【江山·见证】【晓荷】在风里听儿时密语(散文)
“这里是风道,你快听,多好听啊!每阵风声都不一样,像是在秘密私语。”妻子兴奋地对我说。
周五晚上不用接孩子放学,晚饭稍早一些。饭后,我决定带上皮皮,陪妻子去散散步,消消食。忙了一大天,说了一大天话,晚上不想说话,便选择一条少有人走的路。
走过村子最后一盏路灯。夜色深了些许。路两旁是两片杨树林,西侧浓密一些但面积较小,东侧稀疏一些但面积较大。杨树巨大的树冠相互交错,形成一个巨大的灰绿色拱门。我不知道,妻子说的风道是不是这处拱门口。
风声忽大忽小,枝叶摆动密度忽高忽低。
初夏夜风拂面,给我一种前所未有的舒爽。我张开双臂,清清嗓子准备“高歌一曲”,妻子打断我:“先别唱,先听风。”
等到北边村民家监控灯灭掉后。我们背靠背,双手十指相扣,全身放松,闭上眼睛,仔细去聆听……
风,忽而如万人会场里鼓掌齐鸣,忽而如少女们含羞窃窃私语,忽而如爱人俯于耳旁均匀的呼吸,忽而如母亲在夏夜的屋顶轻轻把我唤醒,忽而像数只燕子低空划过,忽而像无数只蜜蜂振翅长鸣。
今晚我没喝酒,但我知道自己醉了。一辆由远而近驶来的汽车吵醒了我。我唤回皮皮,但它依旧在夜色里嗅着什么?寻着什么?是一处同类留下的尿痕,还是风里携带着它熟悉的言语。
我对妻子说,咱们站的这块地方,以前是村里的老磨房。妻子说:“小时候,每个村里都有老磨房,当时磨面还要排队呢,现在也没人磨面了,也没人愿排队等了。”

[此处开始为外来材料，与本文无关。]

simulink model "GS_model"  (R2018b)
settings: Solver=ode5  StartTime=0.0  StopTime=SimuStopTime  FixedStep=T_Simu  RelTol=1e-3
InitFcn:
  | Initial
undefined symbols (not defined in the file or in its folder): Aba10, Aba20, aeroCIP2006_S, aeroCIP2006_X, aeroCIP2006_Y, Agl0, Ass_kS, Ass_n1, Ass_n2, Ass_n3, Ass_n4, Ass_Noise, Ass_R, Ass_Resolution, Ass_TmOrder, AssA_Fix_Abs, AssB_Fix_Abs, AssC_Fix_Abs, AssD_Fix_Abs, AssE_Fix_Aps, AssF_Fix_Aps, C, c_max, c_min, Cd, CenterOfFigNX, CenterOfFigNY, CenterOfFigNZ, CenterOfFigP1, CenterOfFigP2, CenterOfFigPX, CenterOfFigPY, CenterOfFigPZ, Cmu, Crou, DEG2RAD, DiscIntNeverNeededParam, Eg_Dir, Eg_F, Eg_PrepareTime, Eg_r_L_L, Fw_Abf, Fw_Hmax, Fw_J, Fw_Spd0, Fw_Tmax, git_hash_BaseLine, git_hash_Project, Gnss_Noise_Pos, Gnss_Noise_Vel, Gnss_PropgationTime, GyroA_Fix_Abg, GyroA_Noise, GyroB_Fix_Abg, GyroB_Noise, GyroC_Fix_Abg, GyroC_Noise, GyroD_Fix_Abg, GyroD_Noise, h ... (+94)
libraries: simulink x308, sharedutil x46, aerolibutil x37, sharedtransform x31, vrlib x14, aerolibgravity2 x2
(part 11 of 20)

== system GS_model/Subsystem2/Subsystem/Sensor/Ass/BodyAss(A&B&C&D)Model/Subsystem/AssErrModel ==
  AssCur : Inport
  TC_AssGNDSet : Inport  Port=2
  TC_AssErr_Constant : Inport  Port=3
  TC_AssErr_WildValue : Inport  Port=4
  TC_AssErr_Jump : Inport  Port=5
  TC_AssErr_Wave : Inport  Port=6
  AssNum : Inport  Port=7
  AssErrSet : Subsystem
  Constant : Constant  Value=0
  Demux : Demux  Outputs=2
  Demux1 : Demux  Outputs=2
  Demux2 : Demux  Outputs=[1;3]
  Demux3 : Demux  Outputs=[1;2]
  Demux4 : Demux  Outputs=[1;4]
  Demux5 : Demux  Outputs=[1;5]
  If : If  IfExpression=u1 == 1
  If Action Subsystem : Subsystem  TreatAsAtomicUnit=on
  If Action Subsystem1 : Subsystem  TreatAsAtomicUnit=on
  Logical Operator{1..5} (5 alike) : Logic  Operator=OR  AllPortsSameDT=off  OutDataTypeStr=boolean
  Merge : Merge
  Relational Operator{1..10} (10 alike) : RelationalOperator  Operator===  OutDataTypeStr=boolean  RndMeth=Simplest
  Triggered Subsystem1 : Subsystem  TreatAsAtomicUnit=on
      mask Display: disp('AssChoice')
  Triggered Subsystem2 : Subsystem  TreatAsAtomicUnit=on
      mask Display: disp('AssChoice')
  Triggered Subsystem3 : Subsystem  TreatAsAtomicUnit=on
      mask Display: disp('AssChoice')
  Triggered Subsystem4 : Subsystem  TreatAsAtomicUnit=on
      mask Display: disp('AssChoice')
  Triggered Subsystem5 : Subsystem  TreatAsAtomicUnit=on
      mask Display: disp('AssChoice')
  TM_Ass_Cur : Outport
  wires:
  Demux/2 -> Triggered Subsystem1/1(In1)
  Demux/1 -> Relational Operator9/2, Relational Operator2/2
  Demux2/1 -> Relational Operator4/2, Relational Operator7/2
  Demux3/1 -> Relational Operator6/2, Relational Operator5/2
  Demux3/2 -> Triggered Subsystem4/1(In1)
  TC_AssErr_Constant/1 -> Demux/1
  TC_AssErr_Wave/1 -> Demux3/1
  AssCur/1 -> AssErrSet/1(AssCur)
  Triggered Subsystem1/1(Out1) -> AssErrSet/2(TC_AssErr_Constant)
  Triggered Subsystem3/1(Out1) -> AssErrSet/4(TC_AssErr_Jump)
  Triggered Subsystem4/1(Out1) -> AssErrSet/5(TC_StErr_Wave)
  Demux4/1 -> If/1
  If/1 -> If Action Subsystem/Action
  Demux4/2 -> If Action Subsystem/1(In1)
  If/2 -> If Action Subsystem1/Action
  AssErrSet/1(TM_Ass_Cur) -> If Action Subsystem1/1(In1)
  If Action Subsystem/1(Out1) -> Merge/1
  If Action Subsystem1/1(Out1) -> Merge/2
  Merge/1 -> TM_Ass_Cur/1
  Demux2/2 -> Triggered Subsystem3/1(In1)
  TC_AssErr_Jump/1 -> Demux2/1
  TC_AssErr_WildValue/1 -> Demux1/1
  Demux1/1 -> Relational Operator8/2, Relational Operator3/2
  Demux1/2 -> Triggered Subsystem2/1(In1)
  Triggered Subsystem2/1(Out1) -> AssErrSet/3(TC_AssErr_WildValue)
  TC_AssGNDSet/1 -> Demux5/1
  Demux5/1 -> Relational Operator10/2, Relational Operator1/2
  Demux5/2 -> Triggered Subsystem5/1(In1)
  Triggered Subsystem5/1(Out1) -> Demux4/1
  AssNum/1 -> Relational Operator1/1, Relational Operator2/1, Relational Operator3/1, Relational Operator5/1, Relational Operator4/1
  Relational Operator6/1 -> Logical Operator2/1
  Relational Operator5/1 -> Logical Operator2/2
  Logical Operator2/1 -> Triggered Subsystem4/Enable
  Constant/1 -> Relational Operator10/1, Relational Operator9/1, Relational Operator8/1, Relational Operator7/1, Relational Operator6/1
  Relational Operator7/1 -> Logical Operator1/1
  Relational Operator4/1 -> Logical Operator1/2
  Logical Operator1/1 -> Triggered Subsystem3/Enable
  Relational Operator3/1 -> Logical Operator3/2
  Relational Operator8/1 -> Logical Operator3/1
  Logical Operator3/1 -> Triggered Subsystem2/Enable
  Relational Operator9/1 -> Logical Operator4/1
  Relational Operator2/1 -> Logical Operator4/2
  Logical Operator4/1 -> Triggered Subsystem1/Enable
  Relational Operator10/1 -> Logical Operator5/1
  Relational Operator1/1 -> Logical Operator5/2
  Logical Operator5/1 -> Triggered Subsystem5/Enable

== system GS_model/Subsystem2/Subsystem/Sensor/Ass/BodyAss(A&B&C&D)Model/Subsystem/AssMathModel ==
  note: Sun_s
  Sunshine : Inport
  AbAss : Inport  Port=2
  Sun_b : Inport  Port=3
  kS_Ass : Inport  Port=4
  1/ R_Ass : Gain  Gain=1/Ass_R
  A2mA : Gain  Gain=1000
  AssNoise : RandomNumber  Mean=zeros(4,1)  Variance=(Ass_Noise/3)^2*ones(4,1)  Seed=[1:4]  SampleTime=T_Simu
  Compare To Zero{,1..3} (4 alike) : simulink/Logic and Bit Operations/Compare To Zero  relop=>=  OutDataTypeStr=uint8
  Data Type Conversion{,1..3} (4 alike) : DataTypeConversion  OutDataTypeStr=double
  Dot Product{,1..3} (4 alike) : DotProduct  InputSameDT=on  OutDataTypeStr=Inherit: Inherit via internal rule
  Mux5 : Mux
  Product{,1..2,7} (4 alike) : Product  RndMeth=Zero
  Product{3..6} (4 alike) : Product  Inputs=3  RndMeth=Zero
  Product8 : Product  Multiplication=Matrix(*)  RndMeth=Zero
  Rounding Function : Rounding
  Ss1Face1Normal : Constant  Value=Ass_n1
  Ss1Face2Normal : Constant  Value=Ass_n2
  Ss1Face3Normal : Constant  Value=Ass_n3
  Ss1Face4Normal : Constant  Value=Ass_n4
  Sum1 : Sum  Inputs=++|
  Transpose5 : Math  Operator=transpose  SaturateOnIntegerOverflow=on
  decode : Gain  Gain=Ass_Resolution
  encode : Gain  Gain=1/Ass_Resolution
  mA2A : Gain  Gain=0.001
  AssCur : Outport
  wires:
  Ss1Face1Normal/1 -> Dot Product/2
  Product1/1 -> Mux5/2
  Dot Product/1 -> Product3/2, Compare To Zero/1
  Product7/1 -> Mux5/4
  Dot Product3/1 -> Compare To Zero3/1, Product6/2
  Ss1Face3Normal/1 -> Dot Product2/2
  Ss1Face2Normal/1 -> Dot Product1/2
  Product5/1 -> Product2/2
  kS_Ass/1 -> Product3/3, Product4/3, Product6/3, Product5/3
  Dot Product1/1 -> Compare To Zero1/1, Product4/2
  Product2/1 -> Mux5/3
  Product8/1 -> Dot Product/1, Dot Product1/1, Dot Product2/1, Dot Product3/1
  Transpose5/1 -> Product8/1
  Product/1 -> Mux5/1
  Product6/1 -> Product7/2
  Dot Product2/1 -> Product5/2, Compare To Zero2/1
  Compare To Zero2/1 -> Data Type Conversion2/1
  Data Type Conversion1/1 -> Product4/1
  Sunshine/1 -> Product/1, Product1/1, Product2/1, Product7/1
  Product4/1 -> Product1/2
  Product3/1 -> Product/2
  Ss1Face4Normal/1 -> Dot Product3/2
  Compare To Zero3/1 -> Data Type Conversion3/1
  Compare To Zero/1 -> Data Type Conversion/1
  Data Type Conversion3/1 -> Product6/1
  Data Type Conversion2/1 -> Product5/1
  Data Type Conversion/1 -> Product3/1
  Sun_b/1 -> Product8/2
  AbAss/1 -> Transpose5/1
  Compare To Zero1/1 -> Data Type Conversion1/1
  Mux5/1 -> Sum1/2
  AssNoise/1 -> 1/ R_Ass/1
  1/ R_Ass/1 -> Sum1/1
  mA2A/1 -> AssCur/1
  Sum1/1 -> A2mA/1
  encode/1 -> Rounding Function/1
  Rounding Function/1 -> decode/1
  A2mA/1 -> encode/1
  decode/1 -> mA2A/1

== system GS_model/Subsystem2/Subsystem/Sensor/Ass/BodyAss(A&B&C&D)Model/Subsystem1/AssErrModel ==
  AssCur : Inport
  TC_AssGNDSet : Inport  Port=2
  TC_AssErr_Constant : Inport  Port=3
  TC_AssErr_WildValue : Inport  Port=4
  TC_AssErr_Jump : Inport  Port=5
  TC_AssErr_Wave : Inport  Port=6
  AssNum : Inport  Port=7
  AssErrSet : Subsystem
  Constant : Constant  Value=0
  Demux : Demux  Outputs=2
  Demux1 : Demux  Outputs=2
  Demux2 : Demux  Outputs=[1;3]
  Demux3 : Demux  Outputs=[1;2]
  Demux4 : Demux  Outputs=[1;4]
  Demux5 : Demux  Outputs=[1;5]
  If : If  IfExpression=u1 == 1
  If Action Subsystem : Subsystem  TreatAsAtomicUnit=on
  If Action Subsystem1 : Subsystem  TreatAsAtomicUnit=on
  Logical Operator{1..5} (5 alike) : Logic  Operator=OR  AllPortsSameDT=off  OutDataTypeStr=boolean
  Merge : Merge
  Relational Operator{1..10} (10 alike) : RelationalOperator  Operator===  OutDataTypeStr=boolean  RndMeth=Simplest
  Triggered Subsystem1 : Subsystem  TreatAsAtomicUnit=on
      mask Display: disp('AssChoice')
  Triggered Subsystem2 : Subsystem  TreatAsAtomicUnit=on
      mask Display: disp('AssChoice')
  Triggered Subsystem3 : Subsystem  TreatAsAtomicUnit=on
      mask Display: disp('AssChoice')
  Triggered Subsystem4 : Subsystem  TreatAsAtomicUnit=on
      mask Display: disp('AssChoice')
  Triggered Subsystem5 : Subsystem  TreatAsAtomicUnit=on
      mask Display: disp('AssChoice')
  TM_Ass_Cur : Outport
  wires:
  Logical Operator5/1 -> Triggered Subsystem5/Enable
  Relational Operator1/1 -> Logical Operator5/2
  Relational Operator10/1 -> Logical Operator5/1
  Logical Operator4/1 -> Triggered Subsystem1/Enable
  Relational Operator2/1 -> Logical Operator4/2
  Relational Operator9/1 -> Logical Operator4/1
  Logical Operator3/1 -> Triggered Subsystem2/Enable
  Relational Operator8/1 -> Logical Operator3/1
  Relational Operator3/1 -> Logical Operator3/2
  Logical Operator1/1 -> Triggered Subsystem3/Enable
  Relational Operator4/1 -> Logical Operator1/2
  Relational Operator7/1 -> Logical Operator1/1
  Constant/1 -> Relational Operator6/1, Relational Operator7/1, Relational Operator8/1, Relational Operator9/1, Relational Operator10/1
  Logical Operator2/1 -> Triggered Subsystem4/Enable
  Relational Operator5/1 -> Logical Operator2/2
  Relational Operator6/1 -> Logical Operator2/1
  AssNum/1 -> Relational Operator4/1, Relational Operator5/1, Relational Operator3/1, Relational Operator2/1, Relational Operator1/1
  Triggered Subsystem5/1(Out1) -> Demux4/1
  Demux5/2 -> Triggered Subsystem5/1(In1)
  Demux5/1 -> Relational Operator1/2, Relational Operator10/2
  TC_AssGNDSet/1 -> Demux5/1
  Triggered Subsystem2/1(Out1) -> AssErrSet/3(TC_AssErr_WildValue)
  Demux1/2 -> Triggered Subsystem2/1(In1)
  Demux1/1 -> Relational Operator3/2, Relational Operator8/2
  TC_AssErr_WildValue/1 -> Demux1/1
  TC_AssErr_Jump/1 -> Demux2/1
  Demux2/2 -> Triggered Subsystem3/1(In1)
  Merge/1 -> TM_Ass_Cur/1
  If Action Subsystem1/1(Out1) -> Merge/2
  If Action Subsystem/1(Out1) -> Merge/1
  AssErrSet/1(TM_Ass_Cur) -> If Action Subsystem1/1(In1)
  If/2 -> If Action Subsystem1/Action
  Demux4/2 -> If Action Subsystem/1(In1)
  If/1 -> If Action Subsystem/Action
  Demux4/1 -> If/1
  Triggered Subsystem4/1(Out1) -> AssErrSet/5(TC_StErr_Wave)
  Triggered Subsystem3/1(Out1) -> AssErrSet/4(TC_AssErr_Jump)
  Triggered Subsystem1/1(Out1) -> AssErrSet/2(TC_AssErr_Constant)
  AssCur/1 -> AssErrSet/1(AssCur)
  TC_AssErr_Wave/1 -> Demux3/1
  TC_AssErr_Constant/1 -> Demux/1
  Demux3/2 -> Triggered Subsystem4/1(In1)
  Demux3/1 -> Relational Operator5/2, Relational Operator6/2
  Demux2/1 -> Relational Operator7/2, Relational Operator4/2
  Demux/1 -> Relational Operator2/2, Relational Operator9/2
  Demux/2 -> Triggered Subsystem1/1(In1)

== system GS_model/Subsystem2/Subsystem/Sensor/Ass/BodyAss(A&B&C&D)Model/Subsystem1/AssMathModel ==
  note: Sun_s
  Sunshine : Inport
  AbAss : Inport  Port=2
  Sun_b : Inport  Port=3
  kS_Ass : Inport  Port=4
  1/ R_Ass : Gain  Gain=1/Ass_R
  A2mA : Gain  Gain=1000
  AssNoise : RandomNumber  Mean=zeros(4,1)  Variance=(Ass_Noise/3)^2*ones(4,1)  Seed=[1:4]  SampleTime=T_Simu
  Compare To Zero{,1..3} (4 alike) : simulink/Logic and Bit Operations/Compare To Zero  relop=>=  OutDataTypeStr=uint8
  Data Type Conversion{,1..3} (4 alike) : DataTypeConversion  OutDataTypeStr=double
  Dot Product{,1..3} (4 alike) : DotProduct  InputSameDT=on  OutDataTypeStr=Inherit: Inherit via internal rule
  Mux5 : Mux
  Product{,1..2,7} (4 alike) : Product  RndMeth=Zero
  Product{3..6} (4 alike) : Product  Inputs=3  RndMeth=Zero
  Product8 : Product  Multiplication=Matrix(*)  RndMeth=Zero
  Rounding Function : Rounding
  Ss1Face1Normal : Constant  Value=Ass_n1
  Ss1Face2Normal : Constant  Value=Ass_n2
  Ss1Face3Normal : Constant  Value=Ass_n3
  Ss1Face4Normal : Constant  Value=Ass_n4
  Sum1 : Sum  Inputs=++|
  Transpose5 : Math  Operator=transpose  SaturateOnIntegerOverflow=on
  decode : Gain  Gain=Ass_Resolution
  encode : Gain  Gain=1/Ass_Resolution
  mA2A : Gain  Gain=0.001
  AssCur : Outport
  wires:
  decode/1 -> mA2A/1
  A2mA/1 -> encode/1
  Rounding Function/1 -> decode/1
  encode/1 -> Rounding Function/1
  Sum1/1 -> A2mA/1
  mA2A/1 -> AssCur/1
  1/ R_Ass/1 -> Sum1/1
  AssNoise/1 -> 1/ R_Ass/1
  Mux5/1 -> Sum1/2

“是呀!人们宁可去医院排号等一天,等两天……平时也不愿为养生排队等一会儿,好像他们的时间只配在医院里挥霍。”我不屑地说道。后来我们谈到辟谷,谈到养生,谈到时光流逝,谈到岁月匆匆
风,继续吹着,唱着,忽大忽小……
一、老磨房
从我记事起,村南就有座老磨房,它位于村子东南角。一间低矮的屋子,两扇对开的木质窄门,一整天都是敞开着。门的南侧是一扇低矮且窄小的木格窗,窗户上常挂着一些蛛网,珠网被面的粉尘压得摇摇欲坠。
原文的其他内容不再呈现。